- **EXERCISE PROMPT**:
Every line below between the line holding "import ezdxf" and the line holding "color=8, linetype='Continuous', lineweight=9)", inclusive, should be repeated exactly, and all other lines omitted.

##########

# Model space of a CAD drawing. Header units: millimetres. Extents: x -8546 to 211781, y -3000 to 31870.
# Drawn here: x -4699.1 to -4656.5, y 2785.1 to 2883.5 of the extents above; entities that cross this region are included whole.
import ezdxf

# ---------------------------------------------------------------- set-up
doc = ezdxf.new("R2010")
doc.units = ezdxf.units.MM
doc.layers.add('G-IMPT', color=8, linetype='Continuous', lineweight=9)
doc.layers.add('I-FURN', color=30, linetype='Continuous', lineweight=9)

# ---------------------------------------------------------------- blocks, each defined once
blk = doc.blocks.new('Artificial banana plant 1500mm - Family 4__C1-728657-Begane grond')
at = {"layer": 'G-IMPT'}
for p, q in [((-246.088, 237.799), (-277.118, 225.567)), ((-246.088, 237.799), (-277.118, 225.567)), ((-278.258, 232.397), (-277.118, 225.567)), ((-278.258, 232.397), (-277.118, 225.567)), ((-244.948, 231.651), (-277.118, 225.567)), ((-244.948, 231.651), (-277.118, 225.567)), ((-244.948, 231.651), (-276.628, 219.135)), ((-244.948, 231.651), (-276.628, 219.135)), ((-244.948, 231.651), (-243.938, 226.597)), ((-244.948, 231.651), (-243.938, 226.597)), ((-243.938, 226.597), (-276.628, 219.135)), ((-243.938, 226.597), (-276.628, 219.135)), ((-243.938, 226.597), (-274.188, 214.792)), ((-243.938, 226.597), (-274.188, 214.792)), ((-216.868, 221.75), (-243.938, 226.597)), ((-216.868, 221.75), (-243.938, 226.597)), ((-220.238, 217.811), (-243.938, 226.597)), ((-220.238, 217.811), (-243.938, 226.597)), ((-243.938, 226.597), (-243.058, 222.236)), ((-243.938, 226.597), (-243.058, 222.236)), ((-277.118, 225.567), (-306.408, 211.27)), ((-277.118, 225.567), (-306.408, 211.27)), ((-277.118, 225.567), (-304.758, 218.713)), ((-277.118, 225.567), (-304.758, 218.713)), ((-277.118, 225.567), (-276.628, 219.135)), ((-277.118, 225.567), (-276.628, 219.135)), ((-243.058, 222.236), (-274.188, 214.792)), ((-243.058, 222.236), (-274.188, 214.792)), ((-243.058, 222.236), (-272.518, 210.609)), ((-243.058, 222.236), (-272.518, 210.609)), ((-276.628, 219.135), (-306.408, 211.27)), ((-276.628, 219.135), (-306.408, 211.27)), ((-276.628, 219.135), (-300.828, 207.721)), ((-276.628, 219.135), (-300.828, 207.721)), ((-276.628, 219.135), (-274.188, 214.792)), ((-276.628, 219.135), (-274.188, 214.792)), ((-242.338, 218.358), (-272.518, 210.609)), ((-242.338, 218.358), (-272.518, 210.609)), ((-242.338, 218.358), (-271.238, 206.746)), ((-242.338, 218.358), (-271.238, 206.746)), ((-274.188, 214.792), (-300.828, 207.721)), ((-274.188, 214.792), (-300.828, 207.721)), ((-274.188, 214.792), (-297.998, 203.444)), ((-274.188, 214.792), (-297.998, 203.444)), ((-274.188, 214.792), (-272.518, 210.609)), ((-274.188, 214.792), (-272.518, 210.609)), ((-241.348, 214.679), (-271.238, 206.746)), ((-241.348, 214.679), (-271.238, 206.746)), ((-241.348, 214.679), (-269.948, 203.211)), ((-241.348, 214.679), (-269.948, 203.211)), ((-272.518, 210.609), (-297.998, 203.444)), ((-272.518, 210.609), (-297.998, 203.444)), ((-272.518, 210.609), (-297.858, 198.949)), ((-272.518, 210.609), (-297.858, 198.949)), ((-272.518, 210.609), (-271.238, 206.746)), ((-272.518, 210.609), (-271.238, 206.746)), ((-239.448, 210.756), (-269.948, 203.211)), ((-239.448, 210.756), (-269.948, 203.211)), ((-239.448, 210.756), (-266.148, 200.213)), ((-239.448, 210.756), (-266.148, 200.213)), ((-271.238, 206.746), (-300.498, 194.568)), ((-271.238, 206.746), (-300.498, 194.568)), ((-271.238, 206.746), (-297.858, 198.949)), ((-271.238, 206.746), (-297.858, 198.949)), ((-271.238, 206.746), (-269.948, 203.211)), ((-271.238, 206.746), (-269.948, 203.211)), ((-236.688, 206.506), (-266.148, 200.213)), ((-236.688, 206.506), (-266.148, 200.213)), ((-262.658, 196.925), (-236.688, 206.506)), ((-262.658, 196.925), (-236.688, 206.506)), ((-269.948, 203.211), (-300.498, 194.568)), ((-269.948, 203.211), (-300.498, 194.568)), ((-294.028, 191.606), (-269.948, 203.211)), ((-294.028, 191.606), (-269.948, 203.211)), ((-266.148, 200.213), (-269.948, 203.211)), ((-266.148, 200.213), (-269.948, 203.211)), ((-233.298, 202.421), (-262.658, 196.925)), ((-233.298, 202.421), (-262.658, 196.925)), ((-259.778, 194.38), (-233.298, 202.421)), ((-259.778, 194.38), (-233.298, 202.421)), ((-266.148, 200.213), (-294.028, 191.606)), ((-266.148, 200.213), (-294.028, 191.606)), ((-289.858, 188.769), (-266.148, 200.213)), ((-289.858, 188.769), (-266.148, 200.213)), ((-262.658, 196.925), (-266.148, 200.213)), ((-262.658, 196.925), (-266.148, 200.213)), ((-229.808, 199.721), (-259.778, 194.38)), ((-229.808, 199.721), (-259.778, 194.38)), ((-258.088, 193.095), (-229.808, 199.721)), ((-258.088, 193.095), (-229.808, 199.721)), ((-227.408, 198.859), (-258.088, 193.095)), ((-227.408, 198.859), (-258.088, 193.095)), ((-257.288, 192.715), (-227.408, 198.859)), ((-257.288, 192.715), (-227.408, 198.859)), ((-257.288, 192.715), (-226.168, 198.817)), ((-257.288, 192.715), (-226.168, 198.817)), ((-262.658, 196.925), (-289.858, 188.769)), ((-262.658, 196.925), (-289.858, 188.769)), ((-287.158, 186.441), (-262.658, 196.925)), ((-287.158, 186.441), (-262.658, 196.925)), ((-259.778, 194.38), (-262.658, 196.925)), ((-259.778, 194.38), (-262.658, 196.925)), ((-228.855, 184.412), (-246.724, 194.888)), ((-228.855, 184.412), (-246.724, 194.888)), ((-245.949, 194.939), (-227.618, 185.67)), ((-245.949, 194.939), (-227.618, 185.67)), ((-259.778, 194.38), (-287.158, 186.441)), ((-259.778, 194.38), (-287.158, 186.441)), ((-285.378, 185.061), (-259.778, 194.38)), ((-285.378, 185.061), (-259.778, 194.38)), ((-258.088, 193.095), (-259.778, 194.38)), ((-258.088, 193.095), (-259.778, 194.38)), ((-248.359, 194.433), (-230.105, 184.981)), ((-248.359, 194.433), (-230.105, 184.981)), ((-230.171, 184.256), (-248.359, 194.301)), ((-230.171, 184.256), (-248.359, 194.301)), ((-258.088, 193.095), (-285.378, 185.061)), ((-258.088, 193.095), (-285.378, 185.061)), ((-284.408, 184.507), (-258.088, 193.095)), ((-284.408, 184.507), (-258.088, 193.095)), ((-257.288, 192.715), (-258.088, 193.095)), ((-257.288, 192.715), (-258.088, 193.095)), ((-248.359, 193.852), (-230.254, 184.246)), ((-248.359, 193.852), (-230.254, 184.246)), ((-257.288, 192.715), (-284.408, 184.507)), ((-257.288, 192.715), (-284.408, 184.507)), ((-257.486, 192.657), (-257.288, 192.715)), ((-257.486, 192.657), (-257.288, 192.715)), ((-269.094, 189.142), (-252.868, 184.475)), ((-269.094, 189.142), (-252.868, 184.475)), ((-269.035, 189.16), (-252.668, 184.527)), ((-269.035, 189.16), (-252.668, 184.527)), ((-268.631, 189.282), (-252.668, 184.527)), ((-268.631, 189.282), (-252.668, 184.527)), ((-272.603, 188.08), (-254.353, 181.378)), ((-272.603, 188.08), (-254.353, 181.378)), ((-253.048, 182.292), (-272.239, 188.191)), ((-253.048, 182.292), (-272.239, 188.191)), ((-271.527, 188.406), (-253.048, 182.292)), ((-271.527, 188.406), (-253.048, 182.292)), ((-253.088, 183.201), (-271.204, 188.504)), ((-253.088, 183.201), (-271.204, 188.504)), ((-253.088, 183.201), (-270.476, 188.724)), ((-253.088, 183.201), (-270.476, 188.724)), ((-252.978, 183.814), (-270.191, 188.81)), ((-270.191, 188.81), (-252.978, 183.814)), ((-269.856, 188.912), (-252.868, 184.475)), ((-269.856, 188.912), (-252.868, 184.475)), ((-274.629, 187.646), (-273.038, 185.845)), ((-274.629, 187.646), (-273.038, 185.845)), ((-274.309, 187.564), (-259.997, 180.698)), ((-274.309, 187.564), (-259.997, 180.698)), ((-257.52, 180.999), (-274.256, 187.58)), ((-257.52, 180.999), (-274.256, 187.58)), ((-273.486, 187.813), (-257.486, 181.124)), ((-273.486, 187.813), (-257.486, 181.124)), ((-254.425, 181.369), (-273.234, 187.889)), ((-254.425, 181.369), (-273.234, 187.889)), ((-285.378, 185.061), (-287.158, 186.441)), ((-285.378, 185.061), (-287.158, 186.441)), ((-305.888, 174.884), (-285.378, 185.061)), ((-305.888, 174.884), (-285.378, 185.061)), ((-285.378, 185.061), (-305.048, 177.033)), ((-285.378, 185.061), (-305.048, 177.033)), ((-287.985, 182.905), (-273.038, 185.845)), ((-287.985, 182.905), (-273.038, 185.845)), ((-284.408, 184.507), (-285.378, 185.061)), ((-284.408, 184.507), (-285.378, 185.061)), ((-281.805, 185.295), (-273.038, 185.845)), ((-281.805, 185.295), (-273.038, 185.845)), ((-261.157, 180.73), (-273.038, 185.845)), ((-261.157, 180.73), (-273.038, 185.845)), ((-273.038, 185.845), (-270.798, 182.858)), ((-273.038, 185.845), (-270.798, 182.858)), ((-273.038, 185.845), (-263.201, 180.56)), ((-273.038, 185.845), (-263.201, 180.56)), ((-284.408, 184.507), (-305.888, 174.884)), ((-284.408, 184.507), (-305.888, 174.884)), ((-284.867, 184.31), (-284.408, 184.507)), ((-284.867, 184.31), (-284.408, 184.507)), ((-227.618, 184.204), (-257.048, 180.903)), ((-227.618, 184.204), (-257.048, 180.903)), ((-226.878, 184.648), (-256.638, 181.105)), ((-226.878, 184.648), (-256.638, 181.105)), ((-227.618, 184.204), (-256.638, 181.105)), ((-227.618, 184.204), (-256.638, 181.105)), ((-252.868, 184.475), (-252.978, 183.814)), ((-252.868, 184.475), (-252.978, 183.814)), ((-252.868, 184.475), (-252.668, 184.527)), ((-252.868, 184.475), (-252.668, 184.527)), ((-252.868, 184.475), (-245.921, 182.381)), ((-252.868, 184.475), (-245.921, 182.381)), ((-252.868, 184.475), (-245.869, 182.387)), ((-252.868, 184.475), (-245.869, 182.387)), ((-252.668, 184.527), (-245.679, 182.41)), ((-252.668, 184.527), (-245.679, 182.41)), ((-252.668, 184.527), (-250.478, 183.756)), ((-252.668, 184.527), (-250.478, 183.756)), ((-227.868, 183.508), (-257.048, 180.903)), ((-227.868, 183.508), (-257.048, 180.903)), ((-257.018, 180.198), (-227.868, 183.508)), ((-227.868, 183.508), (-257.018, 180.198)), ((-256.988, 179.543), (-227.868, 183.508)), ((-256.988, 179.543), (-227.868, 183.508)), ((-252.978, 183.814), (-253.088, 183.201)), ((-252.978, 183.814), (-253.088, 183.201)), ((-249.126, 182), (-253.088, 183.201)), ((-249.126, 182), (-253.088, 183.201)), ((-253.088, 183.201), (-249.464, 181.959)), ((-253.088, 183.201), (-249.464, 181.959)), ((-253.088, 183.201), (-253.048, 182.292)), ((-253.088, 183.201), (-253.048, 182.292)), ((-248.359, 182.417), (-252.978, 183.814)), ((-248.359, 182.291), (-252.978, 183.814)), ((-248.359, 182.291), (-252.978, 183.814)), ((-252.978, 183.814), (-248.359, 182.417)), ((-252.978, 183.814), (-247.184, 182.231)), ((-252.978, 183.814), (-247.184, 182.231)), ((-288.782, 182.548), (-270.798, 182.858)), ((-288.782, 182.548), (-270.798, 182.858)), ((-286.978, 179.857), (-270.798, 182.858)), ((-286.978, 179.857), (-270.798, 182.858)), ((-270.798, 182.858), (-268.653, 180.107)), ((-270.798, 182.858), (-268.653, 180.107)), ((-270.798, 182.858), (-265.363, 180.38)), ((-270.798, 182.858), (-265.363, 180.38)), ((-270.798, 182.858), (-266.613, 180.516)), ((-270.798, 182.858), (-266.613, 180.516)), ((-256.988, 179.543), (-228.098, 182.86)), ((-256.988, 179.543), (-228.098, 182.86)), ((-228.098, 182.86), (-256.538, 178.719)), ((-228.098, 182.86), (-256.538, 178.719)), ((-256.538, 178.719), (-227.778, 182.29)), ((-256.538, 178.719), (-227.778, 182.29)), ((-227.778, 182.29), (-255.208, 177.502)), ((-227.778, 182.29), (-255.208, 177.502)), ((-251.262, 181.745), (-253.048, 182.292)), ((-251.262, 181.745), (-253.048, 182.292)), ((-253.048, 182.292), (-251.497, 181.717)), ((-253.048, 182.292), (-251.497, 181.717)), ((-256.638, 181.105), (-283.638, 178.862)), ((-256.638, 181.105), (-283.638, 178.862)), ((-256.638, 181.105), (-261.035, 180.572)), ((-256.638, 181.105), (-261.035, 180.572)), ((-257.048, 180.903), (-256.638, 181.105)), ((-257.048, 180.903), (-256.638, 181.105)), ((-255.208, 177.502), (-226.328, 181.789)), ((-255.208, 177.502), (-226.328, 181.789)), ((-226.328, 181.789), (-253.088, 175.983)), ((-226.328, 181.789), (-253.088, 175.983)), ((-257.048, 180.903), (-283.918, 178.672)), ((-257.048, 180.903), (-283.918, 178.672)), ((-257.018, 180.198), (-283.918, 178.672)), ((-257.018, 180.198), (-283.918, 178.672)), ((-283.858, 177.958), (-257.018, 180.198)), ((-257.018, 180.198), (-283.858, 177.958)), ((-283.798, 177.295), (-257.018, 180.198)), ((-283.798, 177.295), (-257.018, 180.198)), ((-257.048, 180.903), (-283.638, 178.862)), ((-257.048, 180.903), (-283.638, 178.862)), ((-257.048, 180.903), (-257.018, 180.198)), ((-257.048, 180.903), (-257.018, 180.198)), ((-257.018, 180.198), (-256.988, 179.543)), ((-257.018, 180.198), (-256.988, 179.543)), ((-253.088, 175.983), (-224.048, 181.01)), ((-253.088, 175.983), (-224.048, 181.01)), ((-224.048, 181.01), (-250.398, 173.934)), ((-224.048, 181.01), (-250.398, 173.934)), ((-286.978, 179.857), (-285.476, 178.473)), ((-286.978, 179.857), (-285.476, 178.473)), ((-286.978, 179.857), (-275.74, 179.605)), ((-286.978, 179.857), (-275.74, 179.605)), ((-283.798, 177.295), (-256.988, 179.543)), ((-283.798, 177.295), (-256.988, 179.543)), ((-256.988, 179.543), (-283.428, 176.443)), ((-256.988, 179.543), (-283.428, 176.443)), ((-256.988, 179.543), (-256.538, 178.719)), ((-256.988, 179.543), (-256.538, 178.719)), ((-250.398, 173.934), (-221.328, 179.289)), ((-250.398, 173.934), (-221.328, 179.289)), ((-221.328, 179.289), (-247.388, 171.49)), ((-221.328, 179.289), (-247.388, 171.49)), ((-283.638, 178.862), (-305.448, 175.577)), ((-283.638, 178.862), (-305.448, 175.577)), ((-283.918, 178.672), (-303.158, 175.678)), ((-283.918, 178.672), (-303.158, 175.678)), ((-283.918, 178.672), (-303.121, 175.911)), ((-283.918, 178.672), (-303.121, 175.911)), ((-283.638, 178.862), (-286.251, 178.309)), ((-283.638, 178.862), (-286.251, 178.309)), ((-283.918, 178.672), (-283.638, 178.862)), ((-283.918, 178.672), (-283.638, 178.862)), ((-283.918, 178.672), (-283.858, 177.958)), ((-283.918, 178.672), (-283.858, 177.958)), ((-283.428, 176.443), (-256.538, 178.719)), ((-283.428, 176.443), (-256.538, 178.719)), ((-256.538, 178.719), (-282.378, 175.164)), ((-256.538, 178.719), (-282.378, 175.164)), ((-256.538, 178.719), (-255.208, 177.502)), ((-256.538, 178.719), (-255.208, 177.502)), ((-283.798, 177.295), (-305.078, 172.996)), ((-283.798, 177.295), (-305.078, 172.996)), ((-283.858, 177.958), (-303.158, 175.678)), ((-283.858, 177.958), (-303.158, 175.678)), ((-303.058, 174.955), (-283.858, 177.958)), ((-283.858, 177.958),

##########

- **YOUR RESPONSE**:
import ezdxf

# ---------------------------------------------------------------- set-up
doc = ezdxf.new("R2010")
doc.units = ezdxf.units.MM
doc.layers.add('G-IMPT', color=8, linetype='Continuous', lineweight=9)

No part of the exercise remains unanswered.